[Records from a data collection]
_ _ _ _ _ _ _

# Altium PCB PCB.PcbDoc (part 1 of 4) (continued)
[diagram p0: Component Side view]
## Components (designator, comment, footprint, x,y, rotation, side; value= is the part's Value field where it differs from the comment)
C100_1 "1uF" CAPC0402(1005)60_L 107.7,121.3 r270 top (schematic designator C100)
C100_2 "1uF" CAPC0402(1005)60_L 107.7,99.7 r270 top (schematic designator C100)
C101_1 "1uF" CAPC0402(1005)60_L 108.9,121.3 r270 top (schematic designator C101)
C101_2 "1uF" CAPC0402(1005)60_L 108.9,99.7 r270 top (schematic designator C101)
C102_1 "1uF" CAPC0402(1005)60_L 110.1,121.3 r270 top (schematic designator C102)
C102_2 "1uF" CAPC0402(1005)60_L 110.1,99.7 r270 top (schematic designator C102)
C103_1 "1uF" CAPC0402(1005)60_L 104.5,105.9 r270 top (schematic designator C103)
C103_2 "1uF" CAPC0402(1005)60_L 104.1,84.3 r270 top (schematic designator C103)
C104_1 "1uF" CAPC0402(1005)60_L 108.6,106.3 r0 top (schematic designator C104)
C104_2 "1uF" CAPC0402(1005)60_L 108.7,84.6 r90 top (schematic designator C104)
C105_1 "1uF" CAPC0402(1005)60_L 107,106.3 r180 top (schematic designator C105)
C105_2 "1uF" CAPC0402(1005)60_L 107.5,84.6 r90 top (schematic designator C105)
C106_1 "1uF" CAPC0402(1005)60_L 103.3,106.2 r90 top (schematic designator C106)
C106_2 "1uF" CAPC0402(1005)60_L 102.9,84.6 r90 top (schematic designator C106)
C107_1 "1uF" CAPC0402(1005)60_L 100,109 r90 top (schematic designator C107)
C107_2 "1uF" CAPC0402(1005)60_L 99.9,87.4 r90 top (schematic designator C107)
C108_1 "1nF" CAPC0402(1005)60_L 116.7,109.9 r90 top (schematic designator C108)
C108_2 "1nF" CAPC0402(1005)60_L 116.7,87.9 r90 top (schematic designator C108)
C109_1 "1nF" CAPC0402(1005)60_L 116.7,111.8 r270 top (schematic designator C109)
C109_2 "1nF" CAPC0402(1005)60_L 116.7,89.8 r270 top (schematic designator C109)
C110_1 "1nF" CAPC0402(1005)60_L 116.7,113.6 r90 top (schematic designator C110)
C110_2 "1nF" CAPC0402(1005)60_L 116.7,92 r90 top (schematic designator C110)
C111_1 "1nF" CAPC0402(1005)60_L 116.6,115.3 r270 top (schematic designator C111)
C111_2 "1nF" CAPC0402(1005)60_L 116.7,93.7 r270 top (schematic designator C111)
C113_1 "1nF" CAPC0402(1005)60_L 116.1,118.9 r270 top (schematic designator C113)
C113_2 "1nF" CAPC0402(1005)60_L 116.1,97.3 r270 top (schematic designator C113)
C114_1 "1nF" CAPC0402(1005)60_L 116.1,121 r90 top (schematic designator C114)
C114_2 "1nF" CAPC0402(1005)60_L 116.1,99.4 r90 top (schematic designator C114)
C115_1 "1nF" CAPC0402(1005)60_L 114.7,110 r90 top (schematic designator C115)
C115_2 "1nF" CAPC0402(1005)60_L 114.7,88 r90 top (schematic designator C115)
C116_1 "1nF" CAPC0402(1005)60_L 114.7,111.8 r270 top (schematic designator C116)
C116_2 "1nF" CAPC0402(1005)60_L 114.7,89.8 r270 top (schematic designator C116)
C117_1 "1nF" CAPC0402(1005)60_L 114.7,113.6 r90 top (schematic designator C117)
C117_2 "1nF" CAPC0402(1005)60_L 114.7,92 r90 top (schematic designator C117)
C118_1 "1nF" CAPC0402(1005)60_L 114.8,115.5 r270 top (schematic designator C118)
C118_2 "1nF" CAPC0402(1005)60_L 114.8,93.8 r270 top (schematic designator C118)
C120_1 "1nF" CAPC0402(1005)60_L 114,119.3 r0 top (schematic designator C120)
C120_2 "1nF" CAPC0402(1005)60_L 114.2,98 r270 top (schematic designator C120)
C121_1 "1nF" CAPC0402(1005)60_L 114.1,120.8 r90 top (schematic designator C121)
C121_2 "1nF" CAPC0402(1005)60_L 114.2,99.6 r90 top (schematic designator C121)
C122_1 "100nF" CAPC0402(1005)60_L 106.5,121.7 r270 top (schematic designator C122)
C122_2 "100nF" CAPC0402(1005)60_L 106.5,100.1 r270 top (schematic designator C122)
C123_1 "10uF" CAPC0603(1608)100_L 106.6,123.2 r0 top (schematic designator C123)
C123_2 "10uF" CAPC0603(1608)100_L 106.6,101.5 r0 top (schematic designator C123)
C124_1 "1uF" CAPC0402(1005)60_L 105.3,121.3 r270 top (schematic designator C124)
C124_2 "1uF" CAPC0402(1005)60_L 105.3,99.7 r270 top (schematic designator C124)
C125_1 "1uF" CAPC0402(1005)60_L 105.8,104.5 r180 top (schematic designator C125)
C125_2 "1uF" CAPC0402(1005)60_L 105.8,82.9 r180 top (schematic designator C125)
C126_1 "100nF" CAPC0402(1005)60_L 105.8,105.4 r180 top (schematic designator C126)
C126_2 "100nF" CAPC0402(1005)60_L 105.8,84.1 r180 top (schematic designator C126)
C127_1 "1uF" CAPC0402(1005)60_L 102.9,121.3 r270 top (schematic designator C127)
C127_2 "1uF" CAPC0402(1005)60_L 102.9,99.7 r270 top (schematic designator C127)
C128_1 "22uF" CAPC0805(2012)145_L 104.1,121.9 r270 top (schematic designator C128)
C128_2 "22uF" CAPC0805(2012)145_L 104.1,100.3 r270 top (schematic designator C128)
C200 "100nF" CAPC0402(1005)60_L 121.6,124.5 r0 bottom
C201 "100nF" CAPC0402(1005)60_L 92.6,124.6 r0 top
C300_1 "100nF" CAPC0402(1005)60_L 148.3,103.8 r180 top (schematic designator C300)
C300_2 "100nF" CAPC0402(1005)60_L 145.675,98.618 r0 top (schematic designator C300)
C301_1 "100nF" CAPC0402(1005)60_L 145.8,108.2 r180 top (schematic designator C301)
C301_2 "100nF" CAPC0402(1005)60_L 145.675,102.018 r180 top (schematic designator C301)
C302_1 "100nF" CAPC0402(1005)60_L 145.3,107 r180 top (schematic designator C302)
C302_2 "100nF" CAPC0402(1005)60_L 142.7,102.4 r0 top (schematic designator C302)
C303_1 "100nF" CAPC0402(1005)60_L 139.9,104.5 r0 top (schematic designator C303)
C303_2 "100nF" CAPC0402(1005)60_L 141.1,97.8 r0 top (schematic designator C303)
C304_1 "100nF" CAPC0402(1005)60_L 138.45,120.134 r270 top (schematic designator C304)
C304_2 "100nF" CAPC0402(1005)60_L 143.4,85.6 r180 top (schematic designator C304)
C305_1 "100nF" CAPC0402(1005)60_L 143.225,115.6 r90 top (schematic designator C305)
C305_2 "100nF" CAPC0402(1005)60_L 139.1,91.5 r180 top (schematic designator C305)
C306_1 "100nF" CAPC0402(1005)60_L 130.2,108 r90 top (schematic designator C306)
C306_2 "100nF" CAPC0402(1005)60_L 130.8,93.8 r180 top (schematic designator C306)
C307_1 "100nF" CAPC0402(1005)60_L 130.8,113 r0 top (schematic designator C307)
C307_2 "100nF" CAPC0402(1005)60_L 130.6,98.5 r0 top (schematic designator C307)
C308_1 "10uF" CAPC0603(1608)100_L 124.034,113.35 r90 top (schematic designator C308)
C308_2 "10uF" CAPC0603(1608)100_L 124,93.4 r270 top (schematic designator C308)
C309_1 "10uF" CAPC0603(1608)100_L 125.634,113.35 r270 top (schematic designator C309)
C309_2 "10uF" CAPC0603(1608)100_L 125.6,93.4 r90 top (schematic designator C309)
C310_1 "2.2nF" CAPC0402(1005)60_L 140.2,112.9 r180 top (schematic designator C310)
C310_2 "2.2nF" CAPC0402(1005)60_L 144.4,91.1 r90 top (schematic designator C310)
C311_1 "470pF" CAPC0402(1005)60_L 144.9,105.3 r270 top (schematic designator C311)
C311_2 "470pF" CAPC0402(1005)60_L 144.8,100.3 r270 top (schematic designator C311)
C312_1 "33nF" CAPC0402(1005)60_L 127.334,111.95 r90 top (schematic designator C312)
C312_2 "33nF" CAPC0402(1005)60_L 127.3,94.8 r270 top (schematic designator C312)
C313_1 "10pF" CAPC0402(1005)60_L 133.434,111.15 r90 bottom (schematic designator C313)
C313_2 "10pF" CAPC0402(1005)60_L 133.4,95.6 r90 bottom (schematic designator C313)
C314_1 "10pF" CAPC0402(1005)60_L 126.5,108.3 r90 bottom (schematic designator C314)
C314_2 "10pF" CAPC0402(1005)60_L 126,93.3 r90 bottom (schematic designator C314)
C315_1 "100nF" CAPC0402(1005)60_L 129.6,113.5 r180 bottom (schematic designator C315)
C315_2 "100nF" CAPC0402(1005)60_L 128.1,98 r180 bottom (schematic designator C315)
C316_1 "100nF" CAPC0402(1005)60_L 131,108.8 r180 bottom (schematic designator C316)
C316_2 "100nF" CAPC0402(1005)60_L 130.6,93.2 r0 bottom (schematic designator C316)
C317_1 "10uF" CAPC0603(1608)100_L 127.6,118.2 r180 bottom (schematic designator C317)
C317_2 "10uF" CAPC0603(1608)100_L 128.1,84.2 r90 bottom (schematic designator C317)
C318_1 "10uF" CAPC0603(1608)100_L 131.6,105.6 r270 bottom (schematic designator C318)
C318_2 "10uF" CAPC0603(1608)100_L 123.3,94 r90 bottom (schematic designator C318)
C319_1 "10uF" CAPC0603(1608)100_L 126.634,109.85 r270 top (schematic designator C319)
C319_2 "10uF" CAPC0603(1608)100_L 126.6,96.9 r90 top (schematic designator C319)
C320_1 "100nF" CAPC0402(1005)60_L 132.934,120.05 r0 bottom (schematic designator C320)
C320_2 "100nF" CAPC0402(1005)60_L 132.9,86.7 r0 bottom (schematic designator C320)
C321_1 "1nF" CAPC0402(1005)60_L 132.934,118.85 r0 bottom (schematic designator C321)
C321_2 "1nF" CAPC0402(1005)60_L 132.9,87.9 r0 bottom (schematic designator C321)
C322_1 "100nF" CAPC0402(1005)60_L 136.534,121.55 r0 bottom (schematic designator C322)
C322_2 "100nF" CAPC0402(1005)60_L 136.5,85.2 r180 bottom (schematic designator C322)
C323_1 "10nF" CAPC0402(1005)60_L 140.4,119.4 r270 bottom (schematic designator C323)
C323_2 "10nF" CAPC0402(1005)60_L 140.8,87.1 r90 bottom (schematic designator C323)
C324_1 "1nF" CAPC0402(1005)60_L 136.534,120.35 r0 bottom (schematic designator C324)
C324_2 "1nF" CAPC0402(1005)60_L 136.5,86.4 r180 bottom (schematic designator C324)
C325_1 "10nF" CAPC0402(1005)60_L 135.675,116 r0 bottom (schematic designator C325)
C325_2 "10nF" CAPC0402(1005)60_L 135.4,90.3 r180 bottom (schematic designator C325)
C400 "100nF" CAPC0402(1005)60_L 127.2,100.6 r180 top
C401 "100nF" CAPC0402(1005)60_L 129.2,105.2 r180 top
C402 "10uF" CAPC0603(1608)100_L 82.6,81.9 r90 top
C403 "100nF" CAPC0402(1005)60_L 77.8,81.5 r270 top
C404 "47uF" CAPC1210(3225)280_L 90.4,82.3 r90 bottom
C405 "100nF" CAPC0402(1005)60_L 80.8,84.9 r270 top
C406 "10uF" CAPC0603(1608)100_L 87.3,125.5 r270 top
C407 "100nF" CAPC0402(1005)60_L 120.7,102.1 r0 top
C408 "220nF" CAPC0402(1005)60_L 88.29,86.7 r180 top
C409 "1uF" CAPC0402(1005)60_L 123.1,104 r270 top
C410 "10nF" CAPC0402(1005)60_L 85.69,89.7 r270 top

_ _ _ _ _ _ _

-- YOUR TASK --
Look above for the line with "r90 top (schematic designator C105)" and the line with "114.8,93.8 r270 top (schematic designator C118)". Retype those two lines and every line between them exactly, adding nothing.

-- ANSWER SECTION --
C105_2 "1uF" CAPC0402(1005)60_L 107.5,84.6 r90 top (schematic designator C105)
C106_1 "1uF" CAPC0402(1005)60_L 103.3,106.2 r90 top (schematic designator C106)
C106_2 "1uF" CAPC0402(1005)60_L 102.9,84.6 r90 top (schematic designator C106)
C107_1 "1uF" CAPC0402(1005)60_L 100,109 r90 top (schematic designator C107)
C107_2 "1uF" CAPC0402(1005)60_L 99.9,87.4 r90 top (schematic designator C107)
C108_1 "1nF" CAPC0402(1005)60_L 116.7,109.9 r90 top (schematic designator C108)
C108_2 "1nF" CAPC0402(1005)60_L 116.7,87.9 r90 top (schematic designator C108)
C109_1 "1nF" CAPC0402(1005)60_L 116.7,111.8 r270 top (schematic designator C109)
C109_2 "1nF" CAPC0402(1005)60_L 116.7,89.8 r270 top (schematic designator C109)
C110_1 "1nF" CAPC0402(1005)60_L 116.7,113.6 r90 top (schematic designator C110)
C110_2 "1nF" CAPC0402(1005)60_L 116.7,92 r90 top (schematic designator C110)
C111_1 "1nF" CAPC0402(1005)60_L 116.6,115.3 r270 top (schematic designator C111)
C111_2 "1nF" CAPC0402(1005)60_L 116.7,93.7 r270 top (schematic designator C111)
C113_1 "1nF" CAPC0402(1005)60_L 116.1,118.9 r270 top (schematic designator C113)
C113_2 "1nF" CAPC0402(1005)60_L 116.1,97.3 r270 top (schematic designator C113)
C114_1 "1nF" CAPC0402(1005)60_L 116.1,121 r90 top (schematic designator C114)
C114_2 "1nF" CAPC0402(1005)60_L 116.1,99.4 r90 top (schematic designator C114)
C115_1 "1nF" CAPC0402(1005)60_L 114.7,110 r90 top (schematic designator C115)
C115_2 "1nF" CAPC0402(1005)60_L 114.7,88 r90 top (schematic designator C115)
C116_1 "1nF" CAPC0402(1005)60_L 114.7,111.8 r270 top (schematic designator C116)
C116_2 "1nF" CAPC0402(1005)60_L 114.7,89.8 r270 top (schematic designator C116)
C117_1 "1nF" CAPC0402(1005)60_L 114.7,113.6 r90 top (schematic designator C117)
C117_2 "1nF" CAPC0402(1005)60_L 114.7,92 r90 top (schematic designator C117)
C118_1 "1nF" CAPC0402(1005)60_L 114.8,115.5 r270 top (schematic designator C118)
C118_2 "1nF" CAPC0402(1005)60_L 114.8,93.8 r270 top (schematic designator C118)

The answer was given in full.